ICBO_2018_2: Adapting Disease Vocabularies for Curation at the Rat Genome Database

TitleICBO_2018_2: Adapting Disease Vocabularies for Curation at the Rat Genome Database
Publication TypeConference Paper
Year of Publication2018
AuthorsLaulederkind, S, G. Hayman, T, Wang, S-J, Bolton, E, Smith, JR, Tutaj, M, de Pons, J, Shimoyama, M, Dwinell, M
Conference NameInternational Conference on Biomedical Ontology (ICBO 2018)
Date Published08/06/2018
PublisherInternational Conference on Biological Ontology
Keywordscuration, disease vocabularies, online resource, Rat Genome Database

The Rat Genome Database (RGD) has been annotating genes, QTLs, and strains to disease terms for over 15 years. During that time the controlled vocabulary used for disease curation has changed a few times. The changes were necessitated because no single vocabulary or ontology was freely accessible and complete enough to cover all of the disease states described in the biomedical literature. The first disease vocabulary used at RGD was the “C” branch of the National Library of Medicine’s Medical Subject Headings (MeSH).
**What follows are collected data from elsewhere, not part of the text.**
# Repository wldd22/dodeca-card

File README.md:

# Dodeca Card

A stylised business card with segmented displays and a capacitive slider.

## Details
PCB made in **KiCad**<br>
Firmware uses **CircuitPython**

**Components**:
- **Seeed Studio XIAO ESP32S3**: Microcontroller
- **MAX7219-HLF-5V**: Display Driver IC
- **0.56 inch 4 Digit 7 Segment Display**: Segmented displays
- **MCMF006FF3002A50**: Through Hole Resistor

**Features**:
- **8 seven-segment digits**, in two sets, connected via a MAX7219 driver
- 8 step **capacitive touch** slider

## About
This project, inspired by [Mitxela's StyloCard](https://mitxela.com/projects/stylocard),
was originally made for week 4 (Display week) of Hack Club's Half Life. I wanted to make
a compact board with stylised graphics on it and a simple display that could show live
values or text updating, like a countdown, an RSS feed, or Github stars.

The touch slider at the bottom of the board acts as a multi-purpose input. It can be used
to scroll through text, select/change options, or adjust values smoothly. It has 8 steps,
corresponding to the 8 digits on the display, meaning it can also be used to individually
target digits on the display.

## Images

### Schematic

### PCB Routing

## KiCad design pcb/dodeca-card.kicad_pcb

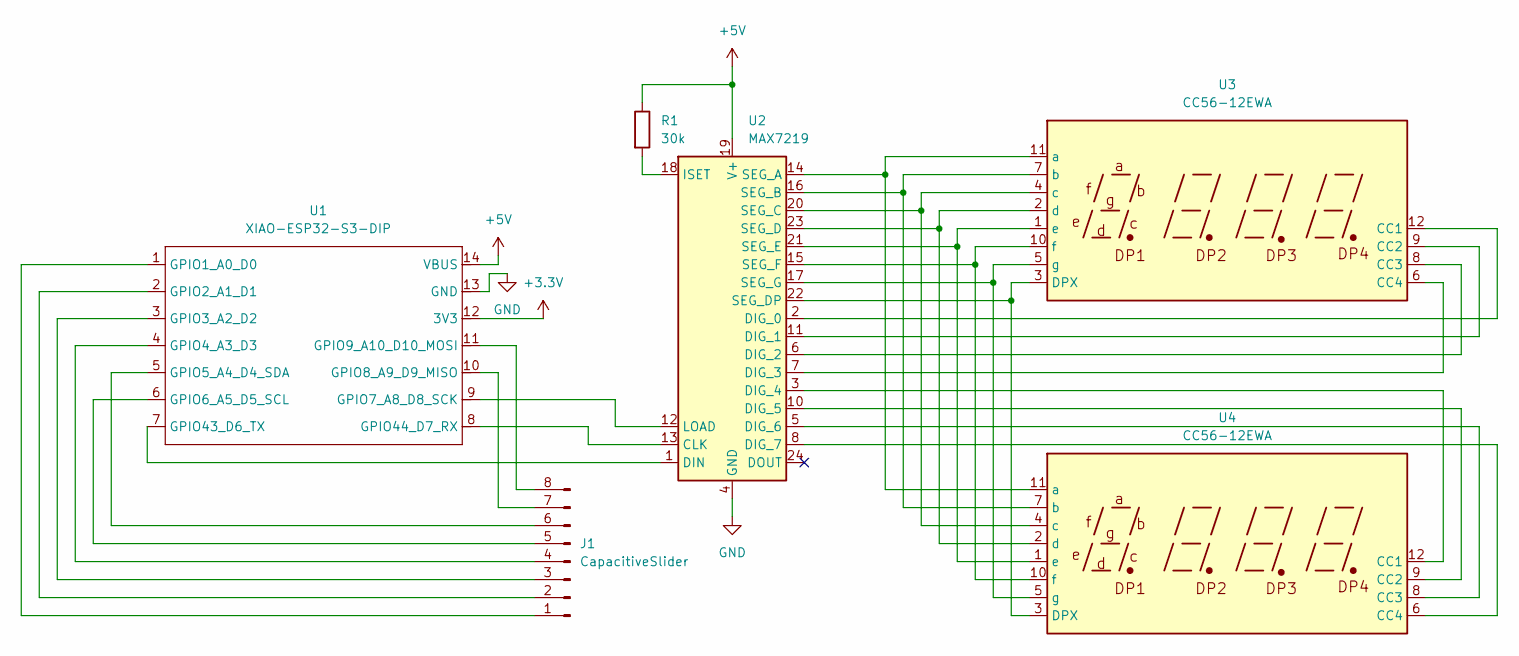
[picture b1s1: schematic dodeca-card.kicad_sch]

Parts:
J1: CapacitiveSlider; TouchSlider-8
R1: 30k; R_Axial_DIN0207_L6.3mm_D2.5mm_P10.16mm_Horizontal
U1: XIAO-ESP32-S3-DIP
U2: MAX7219; DIP-24_W15.24mm
U3, U4: CC56-12EWA; CA56-12EWA

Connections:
+3.3V: U1.12 (3V3)
+5V: R1.1, U1.14 (VBUS), U2.19 (V+)
GND: U1.13 (GND), U2.4 (GND), U2.9 (GND)
unnamed: J1.1, U1.1 (GPIO1_A0_D0)
unnamed: J1.2, U1.2 (GPIO2_A1_D1)
unnamed: J1.3, U1.3 (GPIO3_A2_D2)
unnamed: J1.4, U1.4 (GPIO4_A3_D3)
unnamed: J1.5, U1.6 (GPIO6_A5_D5_SCL)
unnamed: J1.6, U1.5 (GPIO5_A4_D4_SDA)
unnamed: J1.7, U1.10 (GPIO8_A9_D9_MISO)
unnamed: J1.8, U1.11 (GPIO9_A10_D10_MOSI)
unnamed: U1.9 (GPIO7_A8_D8_SCK), U2.12 (LOAD)
unnamed: U1.7 (GPIO43_D6_TX), U2.1 (DIN)
unnamed: U1.8 (GPIO44_D7_RX), U2.13 (CLK)
unnamed: U2.2 (DIG_0), U3.12 (CC1)
unnamed: U2.11 (DIG_1), U3.9 (CC2)
unnamed: U2.6 (DIG_2), U3.8 (CC3)
unnamed: U2.7 (DIG_3), U3.6 (CC4)
unnamed: U2.3 (DIG_4), U4.12 (CC1)
unnamed: U2.10 (DIG_5), U4.9 (CC2)
unnamed: U2.5 (DIG_6), U4.8 (CC3)
unnamed: U2.8 (DIG_7), U4.6 (CC4)
unnamed: R1.2, U2.18 (ISET)
unnamed: U2.14 (SEG_A), U3.11 (a), U4.11 (a)
unnamed: U2.16 (SEG_B), U3.7 (b), U4.7 (b)
unnamed: U2.20 (SEG_C), U3.4 (c), U4.4 (c)
unnamed: U2.23 (SEG_D), U3.2 (d), U4.2 (d)
unnamed: U2.22 (SEG_DP), U3.3 (DPX), U4.3 (DPX)
unnamed: U2.21 (SEG_E), U3.1 (e), U4.1 (e)
unnamed: U2.15 (SEG_F), U3.10 (f), U4.10 (f)
unnamed: U2.17 (SEG_G), U3.5 (g), U4.5 (g)

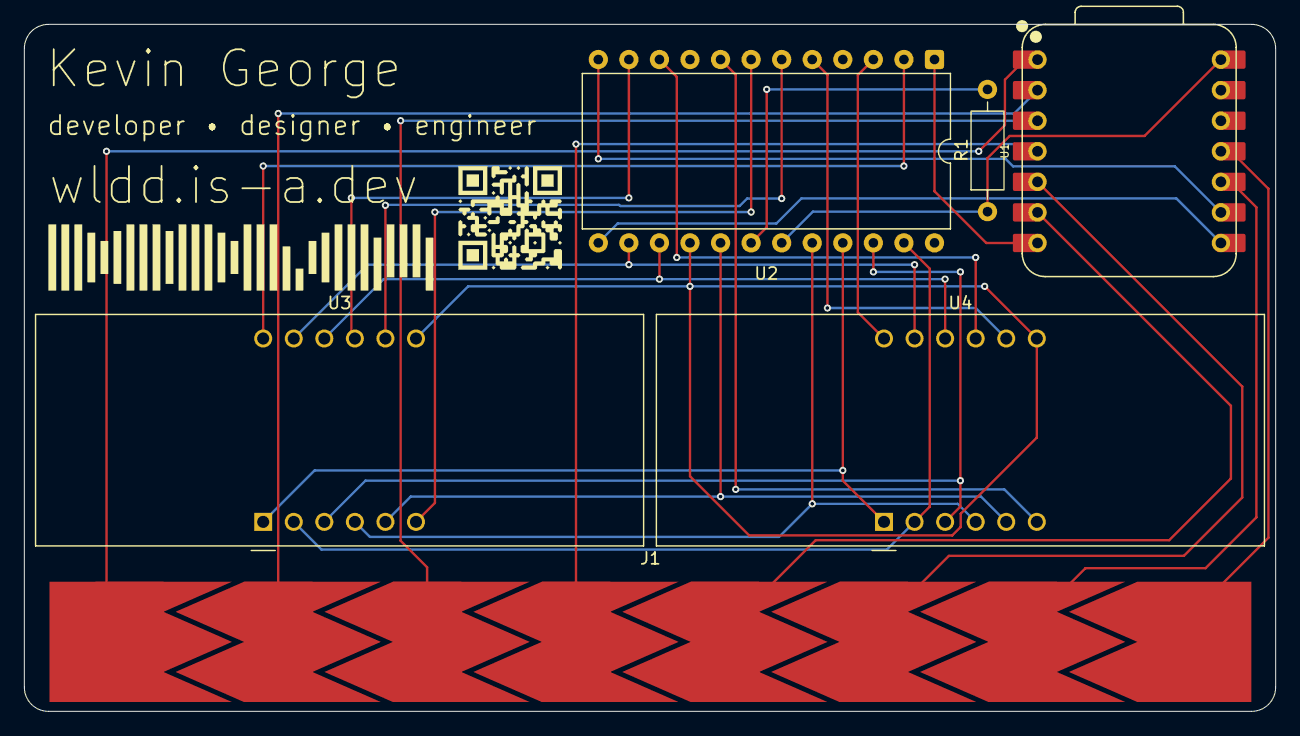
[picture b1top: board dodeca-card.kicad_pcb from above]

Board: 2 copper layers, 104.0 x 57.1 mm, 6 parts (0 on the bottom side), 30 nets.

By 2011 RGD had switched disease curation to the use of MEDIC (MErged DIsease voCabulary), which is a combination of MeSH and OMIM (Online Mendelian Inheritance in Man) constructed by curators at the Comparative Toxicogenomics Database (CTD). MEDIC was an improvement over MeSH, because of the added coverage of OMIM terms, but it was not long before RGD curators saw the need for more disease terms. So within a couple of years, RGD began to add terms to MEDIC under the guise of the RGD Disease Ontology (RDO). Since RGD assigned a unique ID to every MEDIC term imported from CTD, it was easy to add specially coded IDs to indicate those additional terms from a separate, supplemental file. Meanwhile, the human disease ontology (DO) had slowly been developing and expanding. As early as 2010, members of RGD were contributing to the development of DO. Based on the promise of improvements, it was determined that the Alliance of Genome Resources could use the DO as a unifying disease vocabulary across model organism databases. Despite the improvements in DO, RGD still had more than 1000 custom terms and 3800 MEDIC terms with annotations to deal with if RGD would convert to the use of DO. If RGD mapped those non-DO disease terms to DO, much granularity of meaning would be lost. To avoid the loss of granularity it was decided to extend the DO after import of the merged, already axiomized DO file. So after mapping DO completely to the RGD version of MEDIC, a broader, deeper disease vocabulary has been achieved.